If an individual needs money for his or her child’s college education, which begins next year, the stock market is probably not an appropriate investment. A rationale investor would not risk their child’s college education on whether or not this will be a good year in the stock market. Contrary to the behavior of the stocks, fixed income investments become riskier in the long term as opposed to the short-term. In addition to immediate exposures to interest rate risk and reinvestment risk, over the long run, fixed income securities have tremendous exposure to inflation (or purchasing power) risk. By looking at stocks and bonds, we can see that time can have both favorable and unfavorable effects on investments.
The Time Influence on Valuation module, which should take approximately three hours to complete, will explain the concept that time affects the value of money.

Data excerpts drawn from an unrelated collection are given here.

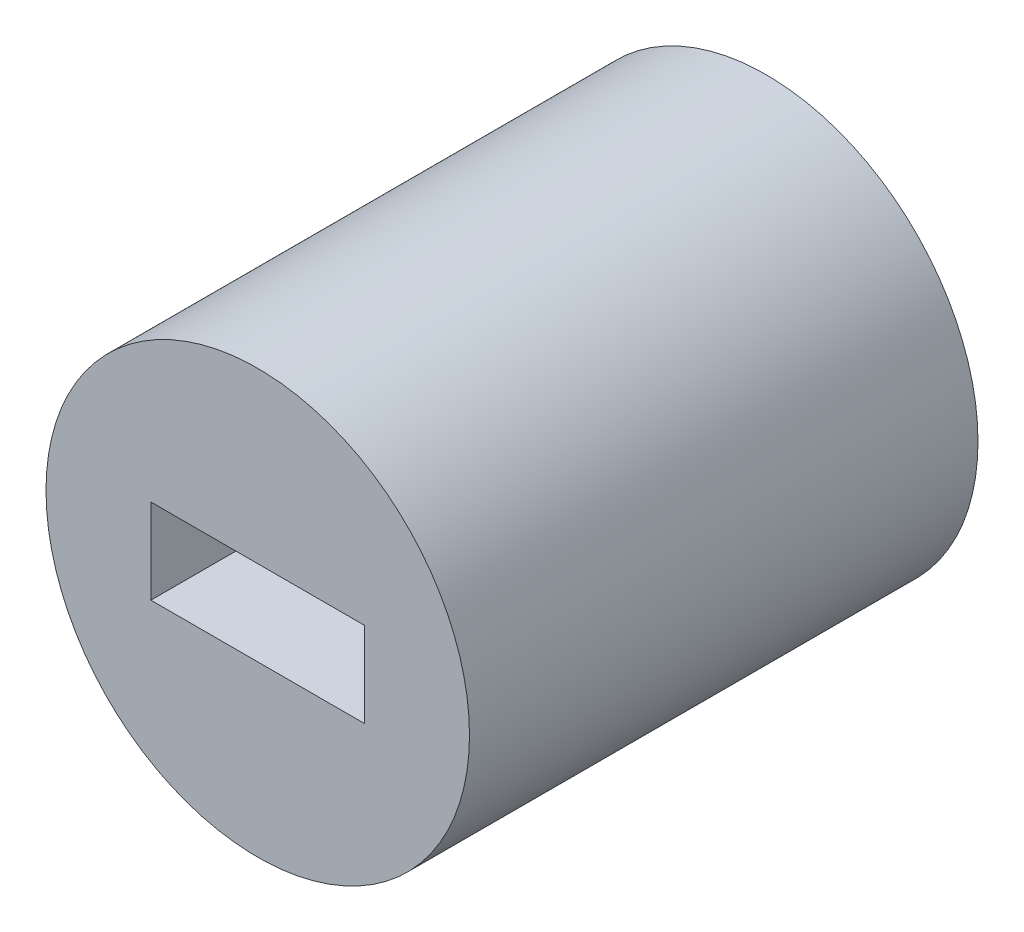
ISO-10303-21;
HEADER;
FILE_DESCRIPTION(('STEP AP214'),'2;1');
FILE_NAME('part.step','',(''),(''),'','','');
FILE_SCHEMA(('AUTOMOTIVE_DESIGN { 1 0 10303 214 1 1 1 1 }'));
ENDSEC;
DATA;
#1=APPLICATION_CONTEXT('core data for automotive mechanical design processes');
#2=APPLICATION_PROTOCOL_DEFINITION('international standard','automotive_design',2000,#1);
#3=PRODUCT_CONTEXT('',#1,'mechanical');
#4=PRODUCT('Part','Part','',(#3));
#5=PRODUCT_RELATED_PRODUCT_CATEGORY('part','',(#4));
#6=PRODUCT_DEFINITION_FORMATION('','',#4);
#7=PRODUCT_DEFINITION_CONTEXT('part definition',#1,'design');
#8=PRODUCT_DEFINITION('design','',#6,#7);
#9=PRODUCT_DEFINITION_SHAPE('','',#8);
#10=(LENGTH_UNIT() NAMED_UNIT(*) SI_UNIT(.MILLI.,.METRE.));
#11=(NAMED_UNIT(*) PLANE_ANGLE_UNIT() SI_UNIT($,.RADIAN.));
#12=(NAMED_UNIT(*) SI_UNIT($,.STERADIAN.) SOLID_ANGLE_UNIT());
#13=UNCERTAINTY_MEASURE_WITH_UNIT(LENGTH_MEASURE(1.E-05),#10,'distance_accuracy_value','');
#14=(GEOMETRIC_REPRESENTATION_CONTEXT(3) GLOBAL_UNCERTAINTY_ASSIGNED_CONTEXT((#13)) GLOBAL_UNIT_ASSIGNED_CONTEXT((#10,
#11,#12)) REPRESENTATION_CONTEXT('',''));
#15=CARTESIAN_POINT('',(0.,0.,0.));
#16=DIRECTION('',(0.,0.,1.));
#17=DIRECTION('',(1.,0.,0.));
#18=AXIS2_PLACEMENT_3D('',#15,#16,#17);
#19=CARTESIAN_POINT('',(-0.64100581951225,0.,3.05));
#20=DIRECTION('',(1.,0.,0.));
#21=DIRECTION('',(0.,1.,0.));
#22=AXIS2_PLACEMENT_3D('',#19,#20,#21);
#23=PLANE('',#22);
#24=DIRECTION('',(0.,1.,0.));
#25=VECTOR('',#24,1.);
#26=CARTESIAN_POINT('',(-0.64100581951225,0.,1.55));
#27=LINE('',#26,#25);
#28=CARTESIAN_POINT('',(-0.64100581951225,0.255,1.55));
#29=VERTEX_POINT('',#28);
#30=CARTESIAN_POINT('',(-0.64100581951225,-0.255,1.55));
#31=VERTEX_POINT('',#30);
#32=EDGE_CURVE('E114',#29,#31,#27,.F.);
#33=ORIENTED_EDGE('',*,*,#32,.F.);
#34=DIRECTION('',(0.,0.,1.));
#35=VECTOR('',#34,1.);
#36=CARTESIAN_POINT('',(-0.64100581951225,0.255,3.05));
#37=LINE('',#36,#35);
#38=CARTESIAN_POINT('',(-0.64100581951225,0.255,3.05));
#39=VERTEX_POINT('',#38);
#40=EDGE_CURVE('E122',#39,#29,#37,.F.);
#41=ORIENTED_EDGE('',*,*,#40,.F.);
#42=DIRECTION('',(0.,1.,0.));
#43=VECTOR('',#42,1.);
#44=CARTESIAN_POINT('',(-0.64100581951225,0.,3.05));
#45=LINE('',#44,#43);
#46=CARTESIAN_POINT('',(-0.64100581951225,-0.255,3.05));
#47=VERTEX_POINT('',#46);
#48=EDGE_CURVE('E32',#39,#47,#45,.F.);
#49=ORIENTED_EDGE('',*,*,#48,.T.);
#50=DIRECTION('',(0.,0.,1.));
#51=VECTOR('',#50,1.);
#52=CARTESIAN_POINT('',(-0.64100581951225,-0.255,3.05));
#53=LINE('',#52,#51);
#54=EDGE_CURVE('E119',#31,#47,#53,.T.);
#55=ORIENTED_EDGE('',*,*,#54,.F.);
#56=EDGE_LOOP('',(#33,#41,#49,#55));
#57=FACE_BOUND('',#56,.T.);
#58=ADVANCED_FACE('F16',(#57),#23,.T.);
#59=CARTESIAN_POINT('',(0.,0.,1.55));
#60=DIRECTION('',(0.,0.,1.));
#61=DIRECTION('',(1.,0.,0.));
#62=AXIS2_PLACEMENT_3D('',#59,#60,#61);
#63=PLANE('',#62);
#64=DIRECTION('',(-1.,0.,0.));
#65=VECTOR('',#64,1.);
#66=CARTESIAN_POINT('',(0.528723609904574,-0.255,1.55));
#67=LINE('',#66,#65);
#68=CARTESIAN_POINT('',(-0.416441400296898,-0.255,1.55));
#69=VERTEX_POINT('',#68);
#70=EDGE_CURVE('E127',#69,#31,#67,.T.);
#71=ORIENTED_EDGE('',*,*,#70,.F.);
#72=DIRECTION('',(0.,-1.,0.));
#73=VECTOR('',#72,1.);
#74=CARTESIAN_POINT('',(-0.416441400296898,0.,1.55));
#75=LINE('',#74,#73);
#76=CARTESIAN_POINT('',(-0.416441400296898,0.255,1.55));
#77=VERTEX_POINT('',#76);
#78=EDGE_CURVE('E112',#69,#77,#75,.F.);
#79=ORIENTED_EDGE('',*,*,#78,.T.);
#80=DIRECTION('',(1.,0.,0.));
#81=VECTOR('',#80,1.);
#82=CARTESIAN_POINT('',(-0.528723609904574,0.255,1.55));
#83=LINE('',#82,#81);
#84=EDGE_CURVE('E148',#29,#77,#83,.T.);
#85=ORIENTED_EDGE('',*,*,#84,.F.);
#86=ORIENTED_EDGE('',*,*,#32,.T.);
#87=EDGE_LOOP('',(#71,#79,#85,#86));
#88=FACE_BOUND('',#87,.T.);
#89=ADVANCED_FACE('F159',(#88),#63,.T.);
#90=CARTESIAN_POINT('',(-0.416441400296898,0.,3.05));
#91=DIRECTION('',(-1.,0.,0.));
#92=DIRECTION('',(0.,-1.,0.));
#93=AXIS2_PLACEMENT_3D('',#90,#91,#92);
#94=PLANE('',#93);
#95=DIRECTION('',(0.,0.,1.));
#96=VECTOR('',#95,1.);
#97=CARTESIAN_POINT('',(-0.416441400296898,0.255,3.05));
#98=LINE('',#97,#96);
#99=CARTESIAN_POINT('',(-0.416441400296898,0.255,0.));
#100=VERTEX_POINT('',#99);
#101=EDGE_CURVE('E145',#77,#100,#98,.F.);
#102=ORIENTED_EDGE('',*,*,#101,.F.);
#103=ORIENTED_EDGE('',*,*,#78,.F.);
#104=DIRECTION('',(0.,0.,1.));
#105=VECTOR('',#104,1.);
#106=CARTESIAN_POINT('',(-0.416441400296898,-0.255,3.05));
#107=LINE('',#106,#105);
#108=CARTESIAN_POINT('',(-0.416441400296898,-0.255,0.));
#109=VERTEX_POINT('',#108);
#110=EDGE_CURVE('E96',#109,#69,#107,.T.);
#111=ORIENTED_EDGE('',*,*,#110,.F.);
#112=DIRECTION('',(0.,-1.,0.));
#113=VECTOR('',#112,1.);
#114=CARTESIAN_POINT('',(-0.416441400296898,0.,0.));
#115=LINE('',#114,#113);
#116=EDGE_CURVE('E110',#100,#109,#115,.T.);
#117=ORIENTED_EDGE('',*,*,#116,.F.);
#118=EDGE_LOOP('',(#102,#103,#111,#117));
#119=FACE_BOUND('',#118,.T.);
#120=ADVANCED_FACE('F156',(#119),#94,.F.);
#121=CARTESIAN_POINT('',(0.416441400296898,0.,3.05));
#122=DIRECTION('',(1.,0.,0.));
#123=DIRECTION('',(0.,1.,0.));
#124=AXIS2_PLACEMENT_3D('',#121,#122,#123);
#125=PLANE('',#124);
#126=DIRECTION('',(0.,0.,1.));
#127=VECTOR('',#126,1.);
#128=CARTESIAN_POINT('',(0.416441400296898,-0.255,3.05));
#129=LINE('',#128,#127);
#130=CARTESIAN_POINT('',(0.416441400296898,-0.255,1.55));
#131=VERTEX_POINT('',#130);
#132=CARTESIAN_POINT('',(0.416441400296898,-0.255,0.));
#133=VERTEX_POINT('',#132);
#134=EDGE_CURVE('E91',#131,#133,#129,.F.);
#135=ORIENTED_EDGE('',*,*,#134,.F.);
#136=DIRECTION('',(0.,1.,0.));
#137=VECTOR('',#136,1.);
#138=CARTESIAN_POINT('',(0.416441400296898,0.,1.55));
#139=LINE('',#138,#137);
#140=CARTESIAN_POINT('',(0.416441400296898,0.255,1.55));
#141=VERTEX_POINT('',#140);
#142=EDGE_CURVE('E79',#141,#131,#139,.F.);
#143=ORIENTED_EDGE('',*,*,#142,.F.);
#144=DIRECTION('',(0.,0.,1.));
#145=VECTOR('',#144,1.);
#146=CARTESIAN_POINT('',(0.416441400296898,0.255,3.05));
#147=LINE('',#146,#145);
#148=CARTESIAN_POINT('',(0.416441400296898,0.255,0.));
#149=VERTEX_POINT('',#148);
#150=EDGE_CURVE('E143',#149,#141,#147,.T.);
#151=ORIENTED_EDGE('',*,*,#150,.F.);
#152=DIRECTION('',(0.,1.,0.));
#153=VECTOR('',#152,1.);
#154=CARTESIAN_POINT('',(0.416441400296898,0.,0.));
#155=LINE('',#154,#153);
#156=EDGE_CURVE('E88',#133,#149,#155,.T.);
#157=ORIENTED_EDGE('',*,*,#156,.F.);
#158=EDGE_LOOP('',(#135,#143,#151,#157));
#159=FACE_BOUND('',#158,.T.);
#160=ADVANCED_FACE('F92',(#159),#125,.F.);
#161=CARTESIAN_POINT('',(0.,0.,1.55));
#162=DIRECTION('',(0.,0.,1.));
#163=DIRECTION('',(1.,0.,0.));
#164=AXIS2_PLACEMENT_3D('',#161,#162,#163);
#165=PLANE('',#164);
#166=ORIENTED_EDGE('',*,*,#142,.T.);
#167=DIRECTION('',(-1.,0.,0.));
#168=VECTOR('',#167,1.);
#169=CARTESIAN_POINT('',(0.528723609904574,-0.255,1.55));
#170=LINE('',#169,#168);
#171=CARTESIAN_POINT('',(0.64100581951225,-0.255,1.55));
#172=VERTEX_POINT('',#171);
#173=EDGE_CURVE('E76',#172,#131,#170,.T.);
#174=ORIENTED_EDGE('',*,*,#173,.F.);
#175=DIRECTION('',(0.,-1.,0.));
#176=VECTOR('',#175,1.);
#177=CARTESIAN_POINT('',(0.64100581951225,0.,1.55));
#178=LINE('',#177,#176);
#179=CARTESIAN_POINT('',(0.64100581951225,0.255,1.55));
#180=VERTEX_POINT('',#179);
#181=EDGE_CURVE('E87',#180,#172,#178,.T.);
#182=ORIENTED_EDGE('',*,*,#181,.F.);
#183=DIRECTION('',(1.,0.,0.));
#184=VECTOR('',#183,1.);
#185=CARTESIAN_POINT('',(-0.528723609904574,0.255,1.55));
#186=LINE('',#185,#184);
#187=EDGE_CURVE('E83',#141,#180,#186,.T.);
#188=ORIENTED_EDGE('',*,*,#187,.F.);
#189=EDGE_LOOP('',(#166,#174,#182,#188));
#190=FACE_BOUND('',#189,.T.);
#191=ADVANCED_FACE('F81',(#190),#165,.T.);
#192=CARTESIAN_POINT('',(0.64100581951225,0.,3.05));
#193=DIRECTION('',(-1.,0.,0.));
#194=DIRECTION('',(0.,-1.,0.));
#195=AXIS2_PLACEMENT_3D('',#192,#193,#194);
#196=PLANE('',#195);
#197=DIRECTION('',(0.,-1.,0.));
#198=VECTOR('',#197,1.);
#199=CARTESIAN_POINT('',(0.64100581951225,0.,3.05));
#200=LINE('',#199,#198);
#201=CARTESIAN_POINT('',(0.64100581951225,-0.255,3.05));
#202=VERTEX_POINT('',#201);
#203=CARTESIAN_POINT('',(0.64100581951225,0.255,3.05));
#204=VERTEX_POINT('',#203);
#205=EDGE_CURVE('E103',#202,#204,#200,.F.);
#206=ORIENTED_EDGE('',*,*,#205,.T.);
#207=DIRECTION('',(0.,0.,1.));
#208=VECTOR('',#207,1.);
#209=CARTESIAN_POINT('',(0.64100581951225,0.255,3.05));
#210=LINE('',#209,#208);
#211=EDGE_CURVE('E139',#180,#204,#210,.T.);
#212=ORIENTED_EDGE('',*,*,#211,.F.);
#213=ORIENTED_EDGE('',*,*,#181,.T.);
#214=DIRECTION('',(0.,0.,1.));
#215=VECTOR('',#214,1.);
#216=CARTESIAN_POINT('',(0.64100581951225,-0.255,3.05));
#217=LINE('',#216,#215);
#218=EDGE_CURVE('E102',#202,#172,#217,.F.);
#219=ORIENTED_EDGE('',*,*,#218,.F.);
#220=EDGE_LOOP('',(#206,#212,#213,#219));
#221=FACE_BOUND('',#220,.T.);
#222=ADVANCED_FACE('F164',(#221),#196,.T.);
#223=CARTESIAN_POINT('',(0.528723609904574,-0.255,3.05));
#224=DIRECTION('',(0.,1.,0.));
#225=DIRECTION('',(-1.,0.,0.));
#226=AXIS2_PLACEMENT_3D('',#223,#224,#225);
#227=PLANE('',#226);
#228=DIRECTION('',(1.,0.,0.));
#229=VECTOR('',#228,1.);
#230=CARTESIAN_POINT('',(0.,-0.255,3.05));
#231=LINE('',#230,#229);
#232=EDGE_CURVE('E124',#202,#47,#231,.F.);
#233=ORIENTED_EDGE('',*,*,#232,.F.);
#234=ORIENTED_EDGE('',*,*,#218,.T.);
#235=ORIENTED_EDGE('',*,*,#173,.T.);
#236=ORIENTED_EDGE('',*,*,#134,.T.);
#237=DIRECTION('',(1.,0.,0.));
#238=VECTOR('',#237,1.);
#239=CARTESIAN_POINT('',(0.,-0.255,0.));
#240=LINE('',#239,#238);
#241=EDGE_CURVE('E135',#133,#109,#240,.F.);
#242=ORIENTED_EDGE('',*,*,#241,.T.);
#243=ORIENTED_EDGE('',*,*,#110,.T.);
#244=ORIENTED_EDGE('',*,*,#70,.T.);
#245=ORIENTED_EDGE('',*,*,#54,.T.);
#246=EDGE_LOOP('',(#233,#234,#235,#236,#242,#243,#244,#245));
#247=FACE_BOUND('',#246,.T.);
#248=ADVANCED_FACE('F100',(#247),#227,.T.);
#249=CARTESIAN_POINT('',(-0.528723609904574,0.255,3.05));
#250=DIRECTION('',(0.,-1.,0.));
#251=DIRECTION('',(1.,0.,0.));
#252=AXIS2_PLACEMENT_3D('',#249,#250,#251);
#253=PLANE('',#252);
#254=ORIENTED_EDGE('',*,*,#187,.T.);
#255=ORIENTED_EDGE('',*,*,#211,.T.);
#256=DIRECTION('',(1.,0.,0.));
#257=VECTOR('',#256,1.);
#258=CARTESIAN_POINT('',(0.,0.255,3.05));
#259=LINE('',#258,#257);
#260=EDGE_CURVE('E130',#39,#204,#259,.T.);
#261=ORIENTED_EDGE('',*,*,#260,.F.);
#262=ORIENTED_EDGE('',*,*,#40,.T.);
#263=ORIENTED_EDGE('',*,*,#84,.T.);
#264=ORIENTED_EDGE('',*,*,#101,.T.);
#265=DIRECTION('',(1.,0.,0.));
#266=VECTOR('',#265,1.);
#267=CARTESIAN_POINT('',(0.,0.255,0.));
#268=LINE('',#267,#266);
#269=EDGE_CURVE('E131',#100,#149,#268,.T.);
#270=ORIENTED_EDGE('',*,*,#269,.T.);
#271=ORIENTED_EDGE('',*,*,#150,.T.);
#272=EDGE_LOOP('',(#254,#255,#261,#262,#263,#264,#270,#271));
#273=FACE_BOUND('',#272,.T.);
#274=ADVANCED_FACE('F161',(#273),#253,.T.);
#275=CARTESIAN_POINT('',(0.,0.,0.));
#276=DIRECTION('',(0.,0.,1.));
#277=DIRECTION('',(1.,0.,0.));
#278=AXIS2_PLACEMENT_3D('',#275,#276,#277);
#279=PLANE('',#278);
#280=CARTESIAN_POINT('',(0.,0.,0.));
#281=DIRECTION('',(0.,0.,1.));
#282=DIRECTION('',(1.,0.,0.));
#283=AXIS2_PLACEMENT_3D('',#280,#281,#282);
#284=CIRCLE('',#283,1.27);
#285=CARTESIAN_POINT('',(1.27,0.,0.));
#286=VERTEX_POINT('',#285);
#287=EDGE_CURVE('E19',#286,#286,#284,.T.);
#288=ORIENTED_EDGE('',*,*,#287,.F.);
#289=EDGE_LOOP('',(#288));
#290=FACE_BOUND('',#289,.T.);
#291=ORIENTED_EDGE('',*,*,#116,.T.);
#292=ORIENTED_EDGE('',*,*,#241,.F.);
#293=ORIENTED_EDGE('',*,*,#156,.T.);
#294=ORIENTED_EDGE('',*,*,#269,.F.);
#295=EDGE_LOOP('',(#291,#292,#293,#294));
#296=FACE_BOUND('',#295,.T.);
#297=ADVANCED_FACE('F181',(#290,#296),#279,.F.);
#298=CARTESIAN_POINT('',(0.,0.,3.05));
#299=DIRECTION('',(0.,0.,1.));
#300=DIRECTION('',(1.,0.,0.));
#301=AXIS2_PLACEMENT_3D('',#298,#299,#300);
#302=PLANE('',#301);
#303=CARTESIAN_POINT('',(0.,0.,3.05));
#304=DIRECTION('',(0.,0.,1.));
#305=DIRECTION('',(1.,0.,0.));
#306=AXIS2_PLACEMENT_3D('',#303,#304,#305);
#307=CIRCLE('',#306,1.27);
#308=CARTESIAN_POINT('',(1.27,0.,3.05));
#309=VERTEX_POINT('',#308);
#310=EDGE_CURVE('E11',#309,#309,#307,.F.);
#311=ORIENTED_EDGE('',*,*,#310,.F.);
#312=EDGE_LOOP('',(#311));
#313=FACE_BOUND('',#312,.T.);
#314=ORIENTED_EDGE('',*,*,#48,.F.);
#315=ORIENTED_EDGE('',*,*,#260,.T.);
#316=ORIENTED_EDGE('',*,*,#205,.F.);
#317=ORIENTED_EDGE('',*,*,#232,.T.);
#318=EDGE_LOOP('',(#314,#315,#316,#317));
#319=FACE_BOUND('',#318,.T.);
#320=ADVANCED_FACE('F129',(#313,#319),#302,.T.);
#321=CARTESIAN_POINT('',(0.,0.,0.));
#322=DIRECTION('',(0.,0.,1.));
#323=DIRECTION('',(1.,0.,0.));
#324=AXIS2_PLACEMENT_3D('',#321,#322,#323);
#325=CYLINDRICAL_SURFACE('',#324,1.27);
#326=ORIENTED_EDGE('',*,*,#287,.T.);
#327=EDGE_LOOP('',(#326));
#328=FACE_BOUND('',#327,.T.);
#329=ORIENTED_EDGE('',*,*,#310,.T.);
#330=EDGE_LOOP('',(#329));
#331=FACE_BOUND('',#330,.T.);
#332=ADVANCED_FACE('F174',(#328,#331),#325,.T.);
#333=CLOSED_SHELL('',(#58,#89,#120,#160,#191,#222,#248,#274,#297,#320,#332));
#334=MANIFOLD_SOLID_BREP('B1',#333);
#335=ADVANCED_BREP_SHAPE_REPRESENTATION('',(#18,#334),#14);
#336=SHAPE_DEFINITION_REPRESENTATION(#9,#335);
ENDSEC;
END-ISO-10303-21;

Upon completion of this module you should be able to:
* Define the time value equations in relation to the present and future value of an investment, and
* Discuss time influence on bond prices in terms of their exposure to interest rate risk.
Module Overview
To ensure that you have a solid understanding of the influence of time on security valuation, the following lessons will be covered in this module:
* Present Value and Future Value
* Convexity and Duration
Click here to view an equation sheet that will be needed for this Module’s Lesson Exercises and Module Quiz.
Section 1 – Present Value and Future Value
There are several ways to estimate the value of an investment. One way of valuing an investment is to use the discounted present value model, which assumes that money has time value. This assumption is relevant because borrowers pay interest to lenders to induce them to make loans. Interest is the rent on borrowed money. It causes money to have a terminal value in the future that differs from its present value. The discounted present value model can be used to help you estimate the value of securities like stocks, bonds, or even rental property.
Once you have an estimate of the investment’s value, you can compare its price with its value and decide whether you think it is underpriced, overpriced, or priced appropriately.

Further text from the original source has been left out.